Monitoring interval.

Monitoring Status

The monitoring status of the connection monitor.

Name

Resource name.

Provisioning State

The provisioning state of the connection monitor.

Source ID

The ID of the resource used as the source by connection monitor.

Source Port

The source port used by connection monitor.

Tags

Resource tags.

Type

Microsoft Azure resource type.

Network Watcher

Name
Description

ID

Microsoft Azure resource ID.

Location

Location where this resource lives.

Name

Microsoft Azure resource name.

Provisioning State

The provisioning state of the resource.

Tags

Resource tags.

Type

Microsoft Azure resource type.

Packet Capture

Name
Description

Capture Size (Bytes)

Capture size per packet, the remaining data are truncated.

File Path

A valid local path on the targeting VM. Must include the name of the capture file (*.cap).
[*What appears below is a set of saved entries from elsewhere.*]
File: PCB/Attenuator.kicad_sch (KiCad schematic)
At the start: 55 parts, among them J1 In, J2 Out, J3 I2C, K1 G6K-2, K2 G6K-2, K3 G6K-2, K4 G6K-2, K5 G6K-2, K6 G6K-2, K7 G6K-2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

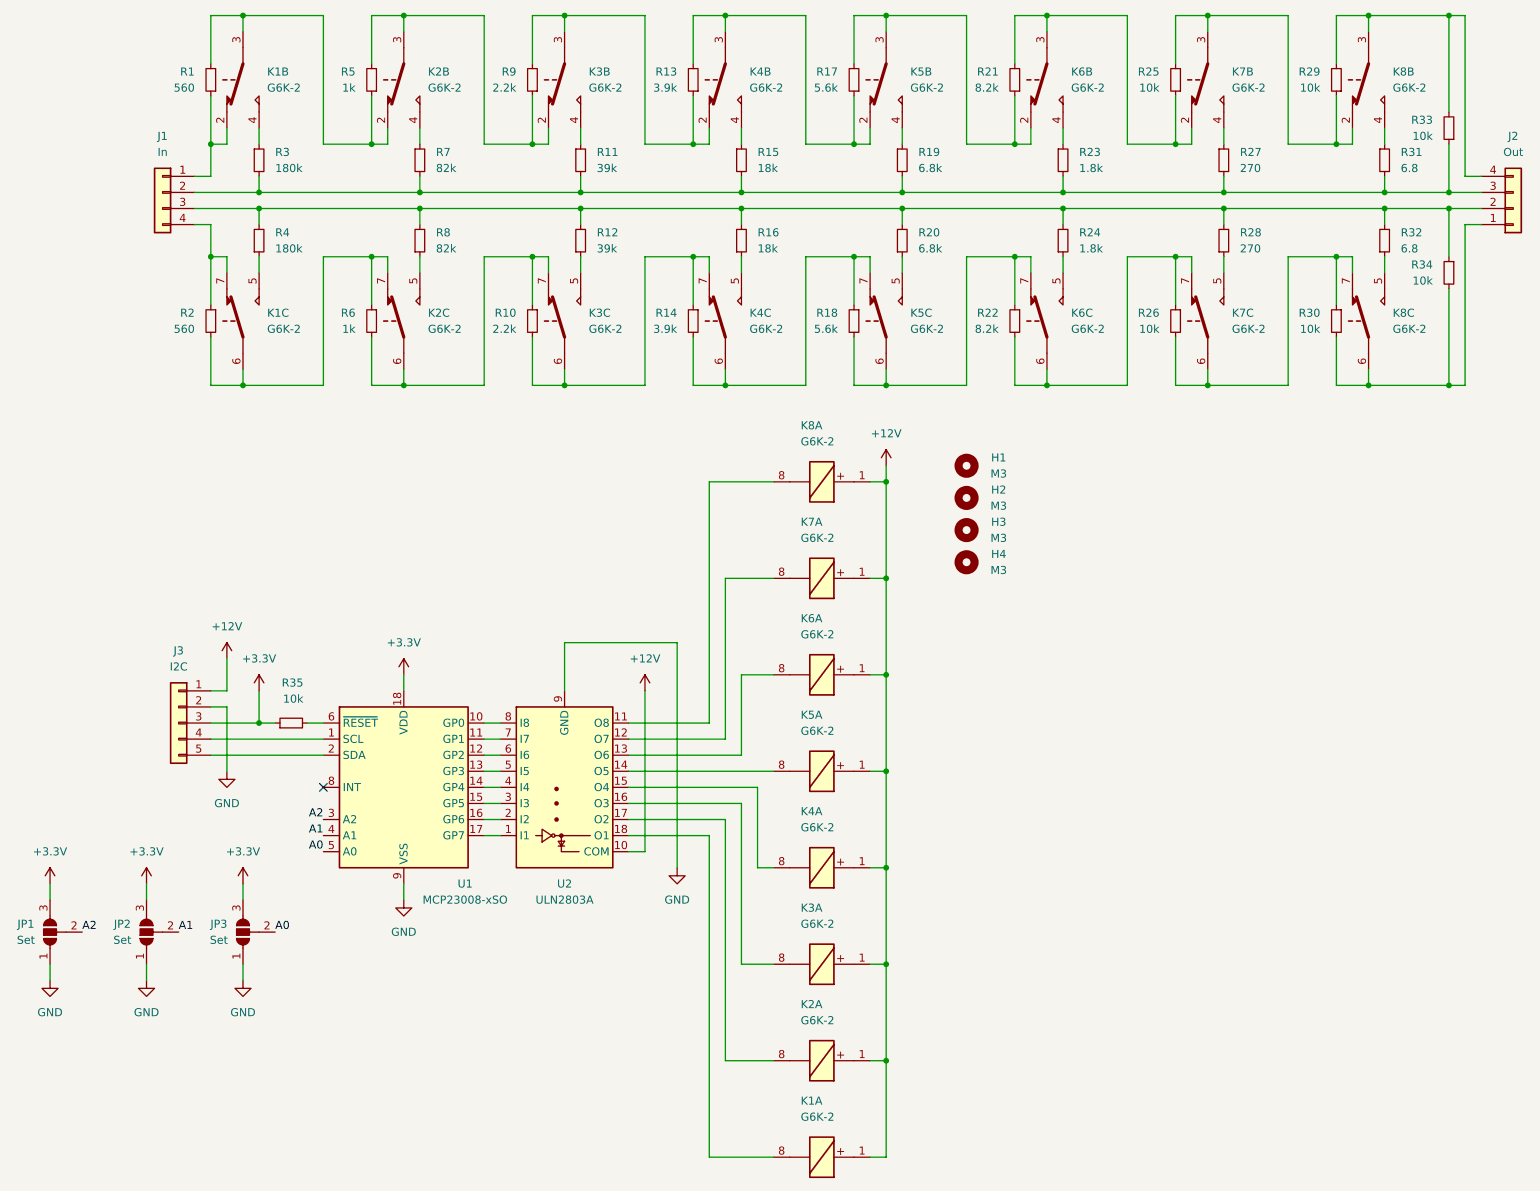
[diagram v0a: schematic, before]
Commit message: Added 1u decoupling capacitors to ICs on backplane and attenuator boards
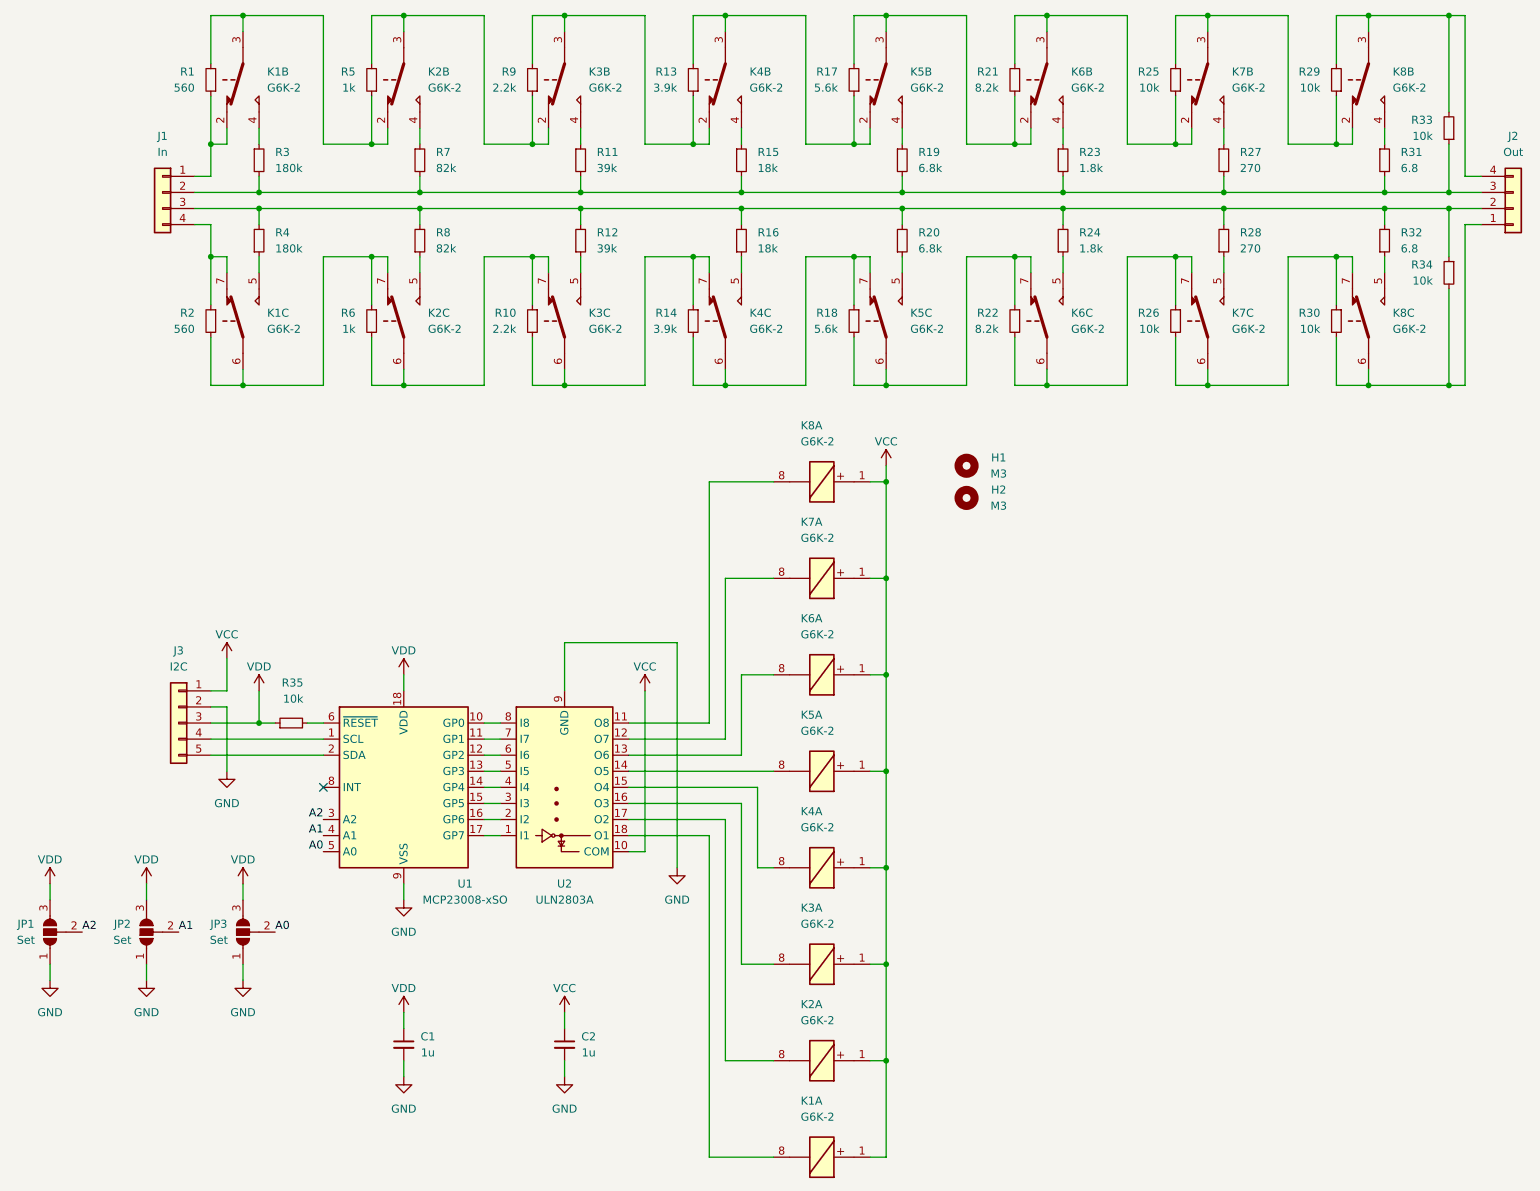
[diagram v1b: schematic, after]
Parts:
- removed H3, H4: M3, MountingHole:MountingHole_3.2mm_M3_DIN965_Pad, symbol Mechanical:MountingHole
- added C1, C2: 1u, Capacitor_SMD:C_0603_1608Metric, symbol Device:C_Small
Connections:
- net GND: now also C1.2, C2.2
- net +12V renamed VCC
- net VCC: now also C2.1
- net +3V3 renamed VDD
- net VDD: now also C1.1

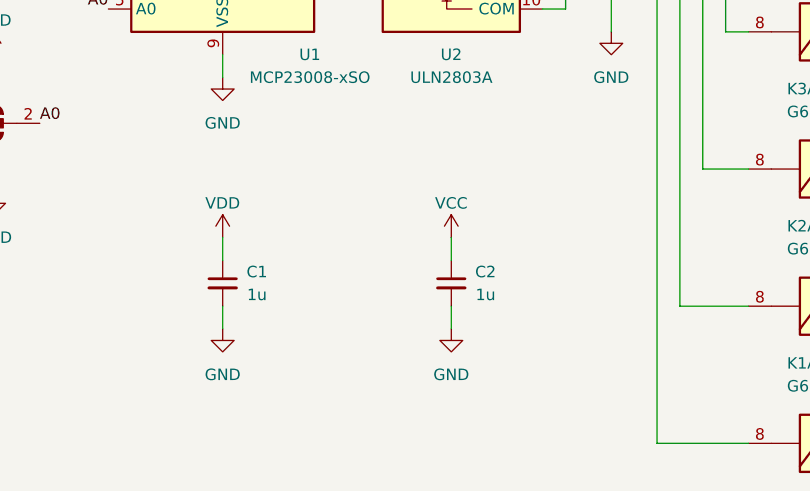
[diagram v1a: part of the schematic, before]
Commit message: Added bulk capacitance to each IC, rerouted 5V line on backplane board
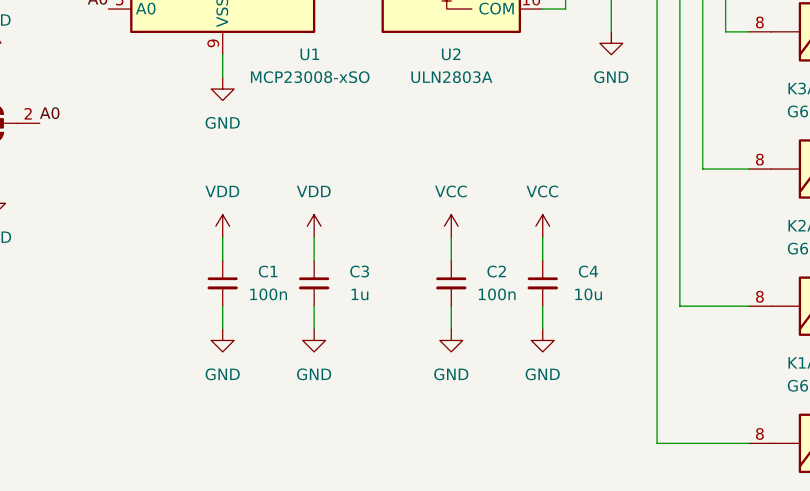
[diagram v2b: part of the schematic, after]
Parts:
- added C3: 1u, Capacitor_SMD:C_0603_1608Metric, symbol Device:C_Small
- added C4: 10u, Capacitor_SMD:C_0603_1608Metric, symbol Device:C_Small
- C1, C2: value 1u -> 100n
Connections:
- net GND: now also C3.2, C4.2
- net VCC: now also C4.1
- net VDD: now also C3.1
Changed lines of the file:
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@@
+    (stroke (width 0) (type default) (color 0 0 0 0))
+  )
+  (wire (pts (xy 116.84 170.18) (xy 116.84 172.72))
     (stroke (width 0) (type default) (color 0 0 0 0))
   )
@@
     (stroke (width 0) (type default) (color 0 0 0 0))
   )
+  (wire (pts (xy 91.44 177.8) (xy 91.44 180.34))
+    (stroke (width 0) (type default) (color 0 0 0 0))
+  )
   (wire (pts (xy 106.68 71.12) (xy 106.68 68.58))
     (stroke (width 0) (type default) (color 0 0 0 0))
@@
     (stroke (width 0) (type default) (color 0 0 0 0))
   )
+  (wire (pts (xy 116.84 177.8) (xy 116.84 180.34))
+    (stroke (width 0) (type default) (color 0 0 0 0))
+  )
   (wire (pts (xy 170.18 71.12) (xy 170.18 50.8))
     (stroke (width 0) (type default) (color 0 0 0 0))
@@
   )
   (wire (pts (xy 195.58 71.12) (xy 195.58 50.8))
+    (stroke (width 0) (type default) (color 0 0 0 0))
+  )
+  (wire (pts (xy 91.44 170.18) (xy 91.44 172.72))
     (stroke (width 0) (type default) (color 0 0 0 0))
   )
@@
   (symbol (lib_id "Device:C_Small") (at 81.28 175.26 0) (mirror y) (unit 1)
     (in_bom yes) (on_board yes) (fields_autoplaced)
-    (property "Reference" "C1" (id 0) (at 85.09 173.9962 0))
-    (property "Value" "1u" (id 1) (at 85.09 176.5362 0))
+    (property "Reference" "C1" (id 0) (at 86.36 173.9962 0))
+    (property "Value" "100n" (id 1) (at 86.36 176.5362 0))
     (property "Footprint" "Capacitor_SMD:C_0603_1608Metric" (id 2) (at 81.28 175.26 0)
       (effects (font (size 1.27 1.27)) hide)
@@
     (pin "1")
   )
+  (symbol (lib_id "power:VCC") (at 116.84 170.18 0) (unit 1)
+    (in_bom yes) (on_board yes) (fields_autoplaced)
+    (property "Reference" "#PWR0119" (id 0) (at 116.84 173.99 0)
+      (effects (font (size 1.27 1.27)) hide)
+    )
+    (property "Value" "VCC" (id 1) (at 116.84 165.1 0))
+    (property "Footprint" "" (id 2) (at 116.84 170.18 0)
+      (effects (font (size 1.27 1.27)) hide)
+    )
+    (property "Datasheet" "" (id 3) (at 116.84 170.18 0)
+      (effects (font (size 1.27 1.27)) hide)
+    )
+    (pin "1")
+  )
   (symbol (lib_id "power:VDD") (at 58.42 119.38 0) (unit 1)
     (in_bom yes) (on_board yes)
@@
   )
   (symbol (lib_id "power:VDD") (at 81.28 170.18 0) (unit 1)
-    (in_bom yes) (on_board yes)
+    (in_bom yes) (on_board yes) (fields_autoplaced)
     (property "Reference" "#PWR0114" (id 0) (at 81.28 173.99 0)
       (effects (font (size 1.27 1.27)) hide)
     )
-    (property "Value" "VDD" (id 1) (at 81.28 166.37 0))
+    (property "Value" "VDD" (id 1) (at 81.28 165.1 0))
     (property "Footprint" "" (id 2) (at 81.28 170.18 0)
       (effects (font (size 1.27 1.27)) hide)
@@
   (symbol (lib_id "Device:C_Small") (at 106.68 175.26 0) (mirror y) (unit 1)
     (in_bom yes) (on_board yes) (fields_autoplaced)
-    (property "Reference" "C2" (id 0) (at 110.49 173.9962 0))
-    (property "Value" "1u" (id 1) (at 110.49 176.5362 0))
+    (property "Reference" "C2" (id 0) (at 111.76 173.9962 0))
+    (property "Value" "100n" (id 1) (at 111.76 176.5362 0))
     (property "Footprint" "Capacitor_SMD:C_0603_1608Metric" (id 2) (at 106.68 175.26 0)
       (effects (font (size 1.27 1.27)) hide)
@@
     (pin "6")
     (pin "7")
+  )
+  (symbol (lib_id "power:VDD") (at 91.44 170.18 0) (unit 1)
+    (in_bom yes) (on_board yes) (fields_autoplaced)
+    (property "Reference" "#PWR0122" (id 0) (at 91.44 173.99 0)
+      (effects (font (size 1.27 1.27)) hide)
+    )
+    (property "Value" "VDD" (id 1) (at 91.44 165.1 0))
+    (property "Footprint" "" (id 2) (at 91.44 170.18 0)
+      (effects (font (size 1.27 1.27)) hide)
+    )
+    (property "Datasheet" "" (id 3) (at 91.44 170.18 0)
+      (effects (font (size 1.27 1.27)) hide)
+    )
+    (pin "1")
   )
   (symbol (lib_id "Device:R_Small") (at 177.8 22.86 180) (unit 1)
@@
     (pin "9")
   )
+  (symbol (lib_id "Device:C_Small") (at 91.44 175.26 0) (mirror y) (unit 1)
+    (in_bom yes) (on_board yes) (fields_autoplaced)
+    (property "Reference" "C3" (id 0) (at 96.52 173.9962 0))
+    (property "Value" "1u" (id 1) (at 96.52 176.5362 0))
+    (property "Footprint" "Capacitor_SMD:C_0603_1608Metric" (id 2) (at 91.44 175.26 0)
+      (effects (font (size 1.27 1.27)) hide)
+    )
+    (property "Datasheet" "~" (id 3) (at 91.44 175.26 0)
+      (effects (font (size 1.27 1.27)) hide)
+    )
+    (property "LCSC part number" "C15849" (id 4) (at 91.44 175.26 0)
+      (effects (font (size 1.27 1.27)) hide)
+    )
+    (property "Part number" "CL10A105KB8NNNC" (id 5) (at 91.44 175.26 0)
+      (effects (font (size 1.27 1.27)) hide)
+    )
+    (pin "1")
+    (pin "2")
+  )
   (symbol (lib_id "Device:R_Small") (at 160.02 35.56 0) (unit 1)
     (in_bom yes) (on_board yes) (fields_autoplaced)
@@
     (pin "1")
   )
+  (symbol (lib_id "Device:C_Small") (at 116.84 175.26 0) (mirror y) (unit 1)
+    (in_bom yes) (on_board yes) (fields_autoplaced)
+    (property "Reference" "C4" (id 0) (at 121.92 173.9962 0))
+    (property "Value" "10u" (id 1) (at 121.92 176.5362 0))
+    (property "Footprint" "Capacitor_SMD:C_0603_1608Metric" (id 2) (at 116.84 175.26 0)
+      (effects (font (size 1.27 1.27)) hide)
+    )
+    (property "Datasheet" "~" (id 3) (at 116.84 175.26 0)
+      (effects (font (size 1.27 1.27)) hide)
+    )
+    (property "LCSC part number" "C15849" (id 4) (at 116.84 175.26 0)
+      (effects (font (size 1.27 1.27)) hide)
+    )
+    (property "Part number" "CL10A105KB8NNNC" (id 5) (at 116.84 175.26 0)
+      (effects (font (size 1.27 1.27)) hide)
+    )
+    (pin "1")
+    (pin "2")
+  )
   (symbol (lib_id "Device:R_Small") (at 50.8 22.86 180) (unit 1)
     (in_bom yes) (on_board yes) (fields_autoplaced)
@@
   )
   (symbol (lib_id "power:VCC") (at 106.68 170.18 0) (unit 1)
-    (in_bom yes) (on_board yes)
+    (in_bom yes) (on_board yes) (fields_autoplaced)
     (property "Reference" "#PWR0116" (id 0) (at 106.68 173.99 0)
       (effects (font (size 1.27 1.27)) hide)
     )
-    (property "Value" "VCC" (id 1) (at 106.68 166.37 0))
+    (property "Value" "VCC" (id 1) (at 106.68 165.1 0))
     (property "Footprint" "" (id 2) (at 106.68 170.18 0)
       (effects (font (size 1.27 1.27)) hide)
     )
     (property "Datasheet" "" (id 3) (at 106.68 170.18 0)
+      (effects (font (size 1.27 1.27)) hide)
+    )
+    (pin "1")
+  )
+  (symbol (lib_id "power:GND") (at 91.44 180.34 0) (mirror y) (unit 1)
+    (in_bom yes) (on_board yes) (fields_autoplaced)
+    (property "Reference" "#PWR0120" (id 0) (at 91.44 186.69 0)
+      (effects (font (size 1.27 1.27)) hide)
+    )
+    (property "Value" "GND" (id 1) (at 91.44 185.42 0))
+    (property "Footprint" "" (id 2) (at 91.44 180.34 0)
+      (effects (font (size 1.27 1.27)) hide)
+    )
+    (property "Datasheet" "" (id 3) (at 91.44 180.34 0)
       (effects (font (size 1.27 1.27)) hide)
     )
@@
     )
   )
+  (symbol (lib_id "power:GND") (at 116.84 180.34 0) (mirror y) (unit 1)
+    (in_bom yes) (on_board yes) (fields_autoplaced)
+    (property "Reference" "#PWR0121" (id 0) (at 116.84 186.69 0)
+      (effects (font (size 1.27 1.27)) hide)
+    )
+    (property "Value" "GND" (id 1) (at 116.84 185.42 0))
+    (property "Footprint" "" (id 2) (at 116.84 180.34 0)
+      (effects (font (size 1.27 1.27)) hide)
+    )
+    (property "Datasheet" "" (id 3) (at 116.84 180.34 0)
+      (effects (font (size 1.27 1.27)) hide)
+    )
+    (pin "1")
+  )
   (symbol (lib_id "Omicron:G6K-2_Separated") (at 55.88 60.96 0) (unit 3)
     (in_bom yes) (on_board yes) (fields_autoplaced)
@@
       (reference "#PWR0118") (unit 1) (value "VCC") (footprint "")
     )
+    (path "/459b036d-0fde-43a8-9bcf-7e2c885957e8"
+      (reference "#PWR0119") (unit 1) (value "VCC") (footprint "")
+    )
+    (path "/e2a9c1bf-5319-4be0-88ae-c6de8400213d"
+      (reference "#PWR0120") (unit 1) (value "GND") (footprint "")
+    )
+    (path "/f3101cee-363a-4a6a-8db3-7131c233334f"
+      (reference "#PWR0121") (unit 1) (value "GND") (footprint "")
+    )
+    (path "/a2b655f8-d5cf-4ef4-ba08-3b39b3bb945e"
+      (reference "#PWR0122") (unit 1) (value "VDD") (footprint "")
+    )
     (path "/07e014ba-ca34-4ee3-906c-68c38f33eb08"
-      (reference "C1") (unit 1) (value "1u") (footprint "Capacitor_SMD:C_0603_1608Metric")
+      (reference "C1") (unit 1) (value "100n") (footprint "Capacitor_SMD:C_0603_1608Metric")
     )
     (path "/73b4ca9d-3ef0-4bcc-869e-f4ccffe74cba"
-      (reference "C2") (unit 1) (value "1u") (footprint "Capacitor_SMD:C_0603_1608Metric")
+      (reference "C2") (unit 1) (value "100n") (footprint "Capacitor_SMD:C_0603_1608Metric")
+    )
+    (path "/b40c5ed9-1eee-4769-87f5-ec43f5c54044"
+      (reference "C3") (unit 1) (value "1u") (footprint "Capacitor_SMD:C_0603_1608Metric")
+    )
+    (path "/bbafbf97-2ca0-43a7-8b2c-074bed245bc9"
+      (reference "C4") (unit 1) (value "10u") (footprint "Capacitor_SMD:C_0603_1608Metric")
     )
     (path "/edcdfea8-5352-46be-bec0-b6826a87c632"

For linux virtual machine it must start with /var/captures. Required if no storage ID is provided, otherwise optional.

ID

Microsfot Azure resource ID.

Name

Resource name.

Provisioning State

The provisioning state of the packet capture session.

Storage ID

The ID of the storage account to save the packet capture session. Required if no local file path is provided.

Storage Path

The URI of the storage path to save the packet capture. Must be a well-formed URI describing the location to save the packet capture.

Target

The ID of the targeted resource, only VM is currently supported.

Time Limit (Seconds)

Maximum duration of the capture session.

Total Size

Maximum size of the capture output.

Packet Capture Filter

Name
Description

Local IP Address

Local IP Address to be filtered on. Notation: "127.0.0.1" for single address entry. "127.0.0.1-127.0.0.255" for range. "127.0.0.1;127.0.0.5"? for multiple entries. Multiple ranges not currently supported. Mixing ranges with multiple entries not currently supported. Default = null.

Local Port

Local port to be filtered on. Notation: "80" for single port entry."80-85" for range. "80;443;" for multiple entries. Multiple ranges not currently supported. Mixing ranges with multiple entries not currently supported. Default = null.

Protocol

Protocol to be filtered on.

Remote IP Address

Local IP Address to be filtered on. Notation: "127.0.0.1" for single address entry. "127.0.0.1-127.0.0.255" for range. "127.0.0.1;127.0.0.5;" for multiple entries. Multiple ranges not currently supported. Mixing ranges with multiple entries not currently supported. Default = null.

Remote Port

Remote port to be filtered on. Notation: "80" for single port entry."80-85" for range. "80;443;" for multiple entries. Multiple ranges not currently supported. Mixing ranges with multiple entries not currently supported. Default = null.